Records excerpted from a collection
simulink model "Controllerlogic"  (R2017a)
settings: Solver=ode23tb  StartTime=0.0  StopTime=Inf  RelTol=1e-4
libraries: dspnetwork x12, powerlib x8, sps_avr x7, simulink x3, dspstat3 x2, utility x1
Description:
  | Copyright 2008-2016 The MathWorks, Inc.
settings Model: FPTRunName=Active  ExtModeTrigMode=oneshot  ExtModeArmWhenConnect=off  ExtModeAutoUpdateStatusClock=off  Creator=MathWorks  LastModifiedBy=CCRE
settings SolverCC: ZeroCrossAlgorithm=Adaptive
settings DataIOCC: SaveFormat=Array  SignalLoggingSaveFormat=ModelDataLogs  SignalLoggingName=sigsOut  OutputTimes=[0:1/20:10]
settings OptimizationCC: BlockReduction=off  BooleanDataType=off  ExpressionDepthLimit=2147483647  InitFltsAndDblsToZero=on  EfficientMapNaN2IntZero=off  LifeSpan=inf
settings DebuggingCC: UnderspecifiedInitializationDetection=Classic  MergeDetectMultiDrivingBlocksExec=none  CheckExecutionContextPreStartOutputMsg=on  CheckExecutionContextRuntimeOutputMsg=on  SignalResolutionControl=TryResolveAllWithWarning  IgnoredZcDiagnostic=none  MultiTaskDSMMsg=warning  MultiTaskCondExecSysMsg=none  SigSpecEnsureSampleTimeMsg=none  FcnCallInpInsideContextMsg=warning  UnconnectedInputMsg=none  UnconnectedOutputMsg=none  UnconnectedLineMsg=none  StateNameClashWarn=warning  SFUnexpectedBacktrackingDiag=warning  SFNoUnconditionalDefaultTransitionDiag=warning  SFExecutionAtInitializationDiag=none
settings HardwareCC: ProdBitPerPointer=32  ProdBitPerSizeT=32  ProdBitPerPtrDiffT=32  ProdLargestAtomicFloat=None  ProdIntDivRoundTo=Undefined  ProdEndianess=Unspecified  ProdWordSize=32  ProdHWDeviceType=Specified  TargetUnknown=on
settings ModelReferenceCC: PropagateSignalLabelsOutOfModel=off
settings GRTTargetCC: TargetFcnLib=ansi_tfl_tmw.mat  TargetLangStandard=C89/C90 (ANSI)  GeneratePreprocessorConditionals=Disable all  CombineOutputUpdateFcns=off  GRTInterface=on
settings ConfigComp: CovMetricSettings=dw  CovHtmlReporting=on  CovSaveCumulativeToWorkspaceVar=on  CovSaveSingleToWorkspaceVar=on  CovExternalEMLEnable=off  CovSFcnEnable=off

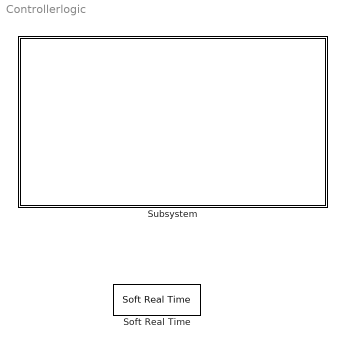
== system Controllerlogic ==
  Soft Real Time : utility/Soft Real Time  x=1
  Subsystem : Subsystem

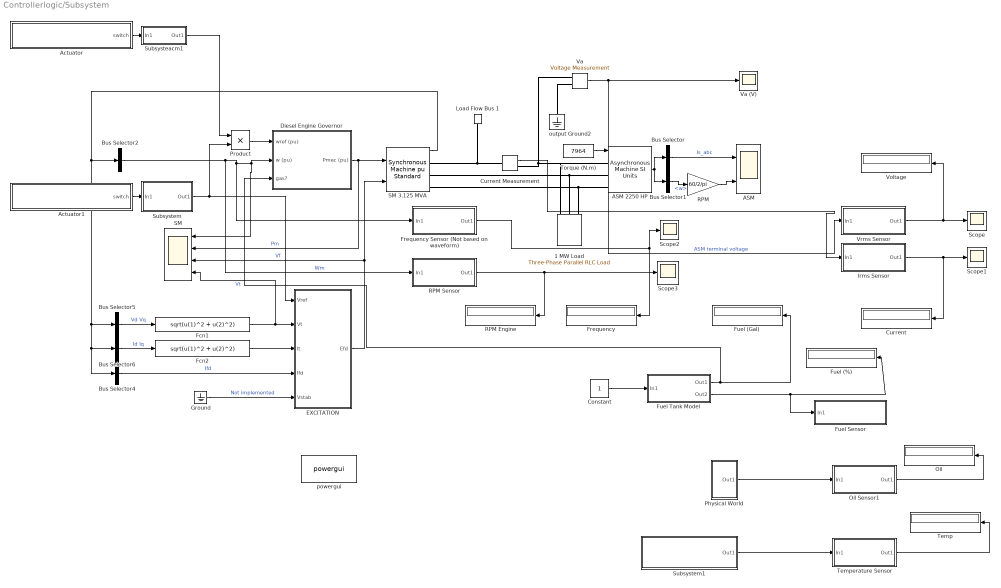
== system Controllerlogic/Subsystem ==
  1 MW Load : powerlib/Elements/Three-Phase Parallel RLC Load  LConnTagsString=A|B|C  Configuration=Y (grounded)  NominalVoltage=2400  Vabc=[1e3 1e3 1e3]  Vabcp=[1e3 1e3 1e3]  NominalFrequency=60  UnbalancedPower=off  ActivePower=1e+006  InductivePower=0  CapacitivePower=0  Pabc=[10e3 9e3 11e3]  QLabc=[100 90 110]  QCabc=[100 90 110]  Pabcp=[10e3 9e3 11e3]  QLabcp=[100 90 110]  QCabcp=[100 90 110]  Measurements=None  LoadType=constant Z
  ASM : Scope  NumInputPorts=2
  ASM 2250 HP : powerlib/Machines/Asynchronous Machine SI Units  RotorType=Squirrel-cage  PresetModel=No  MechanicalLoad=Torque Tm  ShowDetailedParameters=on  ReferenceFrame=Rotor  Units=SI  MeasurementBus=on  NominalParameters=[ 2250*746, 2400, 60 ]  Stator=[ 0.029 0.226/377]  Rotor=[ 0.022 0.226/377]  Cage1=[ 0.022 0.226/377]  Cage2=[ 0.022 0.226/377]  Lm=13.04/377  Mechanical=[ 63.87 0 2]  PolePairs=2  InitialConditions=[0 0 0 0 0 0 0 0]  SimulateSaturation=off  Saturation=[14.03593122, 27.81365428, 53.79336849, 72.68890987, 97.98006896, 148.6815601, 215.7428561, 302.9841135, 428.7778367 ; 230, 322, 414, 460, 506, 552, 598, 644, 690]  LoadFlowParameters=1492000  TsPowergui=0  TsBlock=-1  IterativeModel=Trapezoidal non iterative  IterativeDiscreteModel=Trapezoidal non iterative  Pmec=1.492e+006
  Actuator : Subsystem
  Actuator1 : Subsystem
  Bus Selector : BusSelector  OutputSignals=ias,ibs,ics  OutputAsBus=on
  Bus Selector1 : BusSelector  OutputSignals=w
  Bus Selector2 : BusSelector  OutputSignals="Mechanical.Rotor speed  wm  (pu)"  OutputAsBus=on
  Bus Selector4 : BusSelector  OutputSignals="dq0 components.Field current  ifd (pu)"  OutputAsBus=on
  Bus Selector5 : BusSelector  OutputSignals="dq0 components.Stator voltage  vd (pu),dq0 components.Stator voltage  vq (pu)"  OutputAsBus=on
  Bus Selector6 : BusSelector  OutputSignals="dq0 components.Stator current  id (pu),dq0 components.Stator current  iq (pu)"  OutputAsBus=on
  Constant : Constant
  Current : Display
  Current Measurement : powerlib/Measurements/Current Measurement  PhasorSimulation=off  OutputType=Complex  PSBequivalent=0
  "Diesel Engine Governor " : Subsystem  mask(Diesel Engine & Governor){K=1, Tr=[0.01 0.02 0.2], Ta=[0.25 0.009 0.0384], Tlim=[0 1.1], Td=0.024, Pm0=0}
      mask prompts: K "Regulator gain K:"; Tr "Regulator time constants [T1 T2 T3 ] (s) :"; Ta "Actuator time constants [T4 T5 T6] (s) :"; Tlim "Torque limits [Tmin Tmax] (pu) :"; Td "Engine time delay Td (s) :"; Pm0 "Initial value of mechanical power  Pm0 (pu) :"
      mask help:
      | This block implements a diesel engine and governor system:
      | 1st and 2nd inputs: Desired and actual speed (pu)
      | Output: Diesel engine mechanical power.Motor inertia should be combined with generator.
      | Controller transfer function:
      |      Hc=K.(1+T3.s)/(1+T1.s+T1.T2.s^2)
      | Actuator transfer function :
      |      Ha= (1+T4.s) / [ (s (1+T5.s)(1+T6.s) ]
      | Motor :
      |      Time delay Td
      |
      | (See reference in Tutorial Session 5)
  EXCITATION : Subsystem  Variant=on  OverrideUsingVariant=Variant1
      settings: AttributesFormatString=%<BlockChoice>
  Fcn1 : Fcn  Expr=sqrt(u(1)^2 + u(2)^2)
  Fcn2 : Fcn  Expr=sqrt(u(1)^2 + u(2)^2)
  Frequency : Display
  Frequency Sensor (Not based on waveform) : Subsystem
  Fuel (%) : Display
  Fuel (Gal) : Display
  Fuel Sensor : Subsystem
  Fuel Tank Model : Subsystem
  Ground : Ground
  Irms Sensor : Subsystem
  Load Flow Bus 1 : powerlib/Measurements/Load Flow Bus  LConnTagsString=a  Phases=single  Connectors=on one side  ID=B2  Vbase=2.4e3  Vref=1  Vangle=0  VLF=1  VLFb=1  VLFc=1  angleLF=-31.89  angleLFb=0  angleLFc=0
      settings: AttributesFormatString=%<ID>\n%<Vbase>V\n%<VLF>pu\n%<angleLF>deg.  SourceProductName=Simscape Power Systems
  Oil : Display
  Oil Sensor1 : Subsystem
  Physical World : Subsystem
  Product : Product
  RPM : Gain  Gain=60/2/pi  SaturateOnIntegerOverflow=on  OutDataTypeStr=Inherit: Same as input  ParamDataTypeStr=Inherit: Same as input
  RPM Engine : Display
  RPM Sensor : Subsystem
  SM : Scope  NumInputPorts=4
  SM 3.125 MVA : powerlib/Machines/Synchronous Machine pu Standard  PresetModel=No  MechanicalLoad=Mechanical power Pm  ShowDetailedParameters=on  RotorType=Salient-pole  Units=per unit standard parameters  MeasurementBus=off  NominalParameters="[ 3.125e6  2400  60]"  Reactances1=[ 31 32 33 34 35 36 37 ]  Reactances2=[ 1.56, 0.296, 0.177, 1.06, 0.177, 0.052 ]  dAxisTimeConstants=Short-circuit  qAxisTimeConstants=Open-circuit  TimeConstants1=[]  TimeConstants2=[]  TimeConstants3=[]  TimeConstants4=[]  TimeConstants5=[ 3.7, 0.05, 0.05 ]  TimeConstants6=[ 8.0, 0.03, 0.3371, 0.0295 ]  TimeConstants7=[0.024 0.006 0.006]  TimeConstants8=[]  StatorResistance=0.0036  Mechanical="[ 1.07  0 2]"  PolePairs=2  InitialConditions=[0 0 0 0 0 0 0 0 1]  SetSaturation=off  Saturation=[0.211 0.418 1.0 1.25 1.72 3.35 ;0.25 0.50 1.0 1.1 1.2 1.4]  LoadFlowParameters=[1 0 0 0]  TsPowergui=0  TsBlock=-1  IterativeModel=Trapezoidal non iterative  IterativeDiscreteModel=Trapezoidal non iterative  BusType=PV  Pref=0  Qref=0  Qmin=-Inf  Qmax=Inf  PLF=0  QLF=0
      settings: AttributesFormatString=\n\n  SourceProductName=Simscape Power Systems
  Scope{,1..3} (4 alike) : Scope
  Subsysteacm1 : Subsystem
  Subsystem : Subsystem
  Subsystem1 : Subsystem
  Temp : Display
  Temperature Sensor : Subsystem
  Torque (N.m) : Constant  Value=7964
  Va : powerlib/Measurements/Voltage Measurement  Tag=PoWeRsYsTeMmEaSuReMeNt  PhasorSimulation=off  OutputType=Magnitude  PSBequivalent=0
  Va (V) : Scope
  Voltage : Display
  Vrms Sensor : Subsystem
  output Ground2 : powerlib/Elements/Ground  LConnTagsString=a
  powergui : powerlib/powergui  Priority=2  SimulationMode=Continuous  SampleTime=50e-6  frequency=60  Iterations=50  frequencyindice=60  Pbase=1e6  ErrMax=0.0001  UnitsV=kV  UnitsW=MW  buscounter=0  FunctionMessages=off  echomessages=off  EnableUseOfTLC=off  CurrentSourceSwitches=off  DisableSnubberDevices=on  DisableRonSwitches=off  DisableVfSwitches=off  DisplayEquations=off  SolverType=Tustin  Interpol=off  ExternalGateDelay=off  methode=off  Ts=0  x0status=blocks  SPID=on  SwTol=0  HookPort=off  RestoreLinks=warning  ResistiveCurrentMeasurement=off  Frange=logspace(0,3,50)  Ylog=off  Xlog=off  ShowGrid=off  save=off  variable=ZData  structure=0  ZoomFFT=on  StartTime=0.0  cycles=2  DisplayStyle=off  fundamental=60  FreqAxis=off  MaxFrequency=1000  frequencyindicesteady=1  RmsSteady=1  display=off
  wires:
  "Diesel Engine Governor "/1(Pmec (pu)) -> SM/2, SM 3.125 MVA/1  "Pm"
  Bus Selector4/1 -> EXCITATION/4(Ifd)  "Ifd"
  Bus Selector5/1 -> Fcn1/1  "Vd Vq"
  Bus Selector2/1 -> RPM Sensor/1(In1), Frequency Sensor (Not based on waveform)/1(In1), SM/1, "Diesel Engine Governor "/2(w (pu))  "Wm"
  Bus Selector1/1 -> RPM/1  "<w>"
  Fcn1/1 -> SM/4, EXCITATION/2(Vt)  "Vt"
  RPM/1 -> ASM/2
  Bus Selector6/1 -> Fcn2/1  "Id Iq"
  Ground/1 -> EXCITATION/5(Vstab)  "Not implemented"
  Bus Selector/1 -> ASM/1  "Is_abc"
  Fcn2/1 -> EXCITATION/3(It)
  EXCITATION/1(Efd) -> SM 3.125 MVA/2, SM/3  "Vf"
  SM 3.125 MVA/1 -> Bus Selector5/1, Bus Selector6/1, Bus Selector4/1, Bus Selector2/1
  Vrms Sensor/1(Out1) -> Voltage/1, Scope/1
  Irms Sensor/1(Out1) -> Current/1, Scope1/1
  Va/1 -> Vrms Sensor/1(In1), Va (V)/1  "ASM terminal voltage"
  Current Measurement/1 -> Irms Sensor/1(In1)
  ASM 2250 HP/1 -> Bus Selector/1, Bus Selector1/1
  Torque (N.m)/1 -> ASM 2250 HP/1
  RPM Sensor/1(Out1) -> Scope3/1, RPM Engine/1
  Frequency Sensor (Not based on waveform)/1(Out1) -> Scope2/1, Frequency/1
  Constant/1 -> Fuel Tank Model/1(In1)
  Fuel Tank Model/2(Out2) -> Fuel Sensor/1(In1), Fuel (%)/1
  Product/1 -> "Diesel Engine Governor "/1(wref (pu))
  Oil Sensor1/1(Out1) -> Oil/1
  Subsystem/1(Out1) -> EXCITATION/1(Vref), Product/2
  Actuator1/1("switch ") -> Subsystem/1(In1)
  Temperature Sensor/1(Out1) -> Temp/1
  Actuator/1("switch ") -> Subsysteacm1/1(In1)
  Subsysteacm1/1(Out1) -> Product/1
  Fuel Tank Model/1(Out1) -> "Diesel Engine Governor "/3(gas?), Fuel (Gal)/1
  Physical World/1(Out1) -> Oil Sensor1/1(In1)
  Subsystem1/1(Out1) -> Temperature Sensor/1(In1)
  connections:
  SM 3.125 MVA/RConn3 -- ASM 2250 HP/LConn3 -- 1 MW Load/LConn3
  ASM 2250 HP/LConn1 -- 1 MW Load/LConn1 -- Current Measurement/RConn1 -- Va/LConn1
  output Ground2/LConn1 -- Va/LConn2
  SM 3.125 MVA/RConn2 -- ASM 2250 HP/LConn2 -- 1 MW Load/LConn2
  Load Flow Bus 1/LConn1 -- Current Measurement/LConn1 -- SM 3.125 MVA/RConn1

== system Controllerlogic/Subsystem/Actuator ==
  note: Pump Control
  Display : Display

▸ **Action item**
Give back, exactly as written, the stretch from the line with "Bus Selector5/1 ->" through the line with "SM 3.125 MVA/RConn3", and no other lines from the records above.

▸ **Your response**
  Bus Selector5/1 -> Fcn1/1  "Vd Vq"
  Bus Selector2/1 -> RPM Sensor/1(In1), Frequency Sensor (Not based on waveform)/1(In1), SM/1, "Diesel Engine Governor "/2(w (pu))  "Wm"
  Bus Selector1/1 -> RPM/1  "<w>"
  Fcn1/1 -> SM/4, EXCITATION/2(Vt)  "Vt"
  RPM/1 -> ASM/2
  Bus Selector6/1 -> Fcn2/1  "Id Iq"
  Ground/1 -> EXCITATION/5(Vstab)  "Not implemented"
  Bus Selector/1 -> ASM/1  "Is_abc"
  Fcn2/1 -> EXCITATION/3(It)
  EXCITATION/1(Efd) -> SM 3.125 MVA/2, SM/3  "Vf"
  SM 3.125 MVA/1 -> Bus Selector5/1, Bus Selector6/1, Bus Selector4/1, Bus Selector2/1
  Vrms Sensor/1(Out1) -> Voltage/1, Scope/1
  Irms Sensor/1(Out1) -> Current/1, Scope1/1
  Va/1 -> Vrms Sensor/1(In1), Va (V)/1  "ASM terminal voltage"
  Current Measurement/1 -> Irms Sensor/1(In1)
  ASM 2250 HP/1 -> Bus Selector/1, Bus Selector1/1
  Torque (N.m)/1 -> ASM 2250 HP/1
  RPM Sensor/1(Out1) -> Scope3/1, RPM Engine/1
  Frequency Sensor (Not based on waveform)/1(Out1) -> Scope2/1, Frequency/1
  Constant/1 -> Fuel Tank Model/1(In1)
  Fuel Tank Model/2(Out2) -> Fuel Sensor/1(In1), Fuel (%)/1
  Product/1 -> "Diesel Engine Governor "/1(wref (pu))
  Oil Sensor1/1(Out1) -> Oil/1
  Subsystem/1(Out1) -> EXCITATION/1(Vref), Product/2
  Actuator1/1("switch ") -> Subsystem/1(In1)
  Temperature Sensor/1(Out1) -> Temp/1
  Actuator/1("switch ") -> Subsysteacm1/1(In1)
  Subsysteacm1/1(Out1) -> Product/1
  Fuel Tank Model/1(Out1) -> "Diesel Engine Governor "/3(gas?), Fuel (Gal)/1
  Physical World/1(Out1) -> Oil Sensor1/1(In1)
  Subsystem1/1(Out1) -> Temperature Sensor/1(In1)
  connections:
  SM 3.125 MVA/RConn3 -- ASM 2250 HP/LConn3 -- 1 MW Load/LConn3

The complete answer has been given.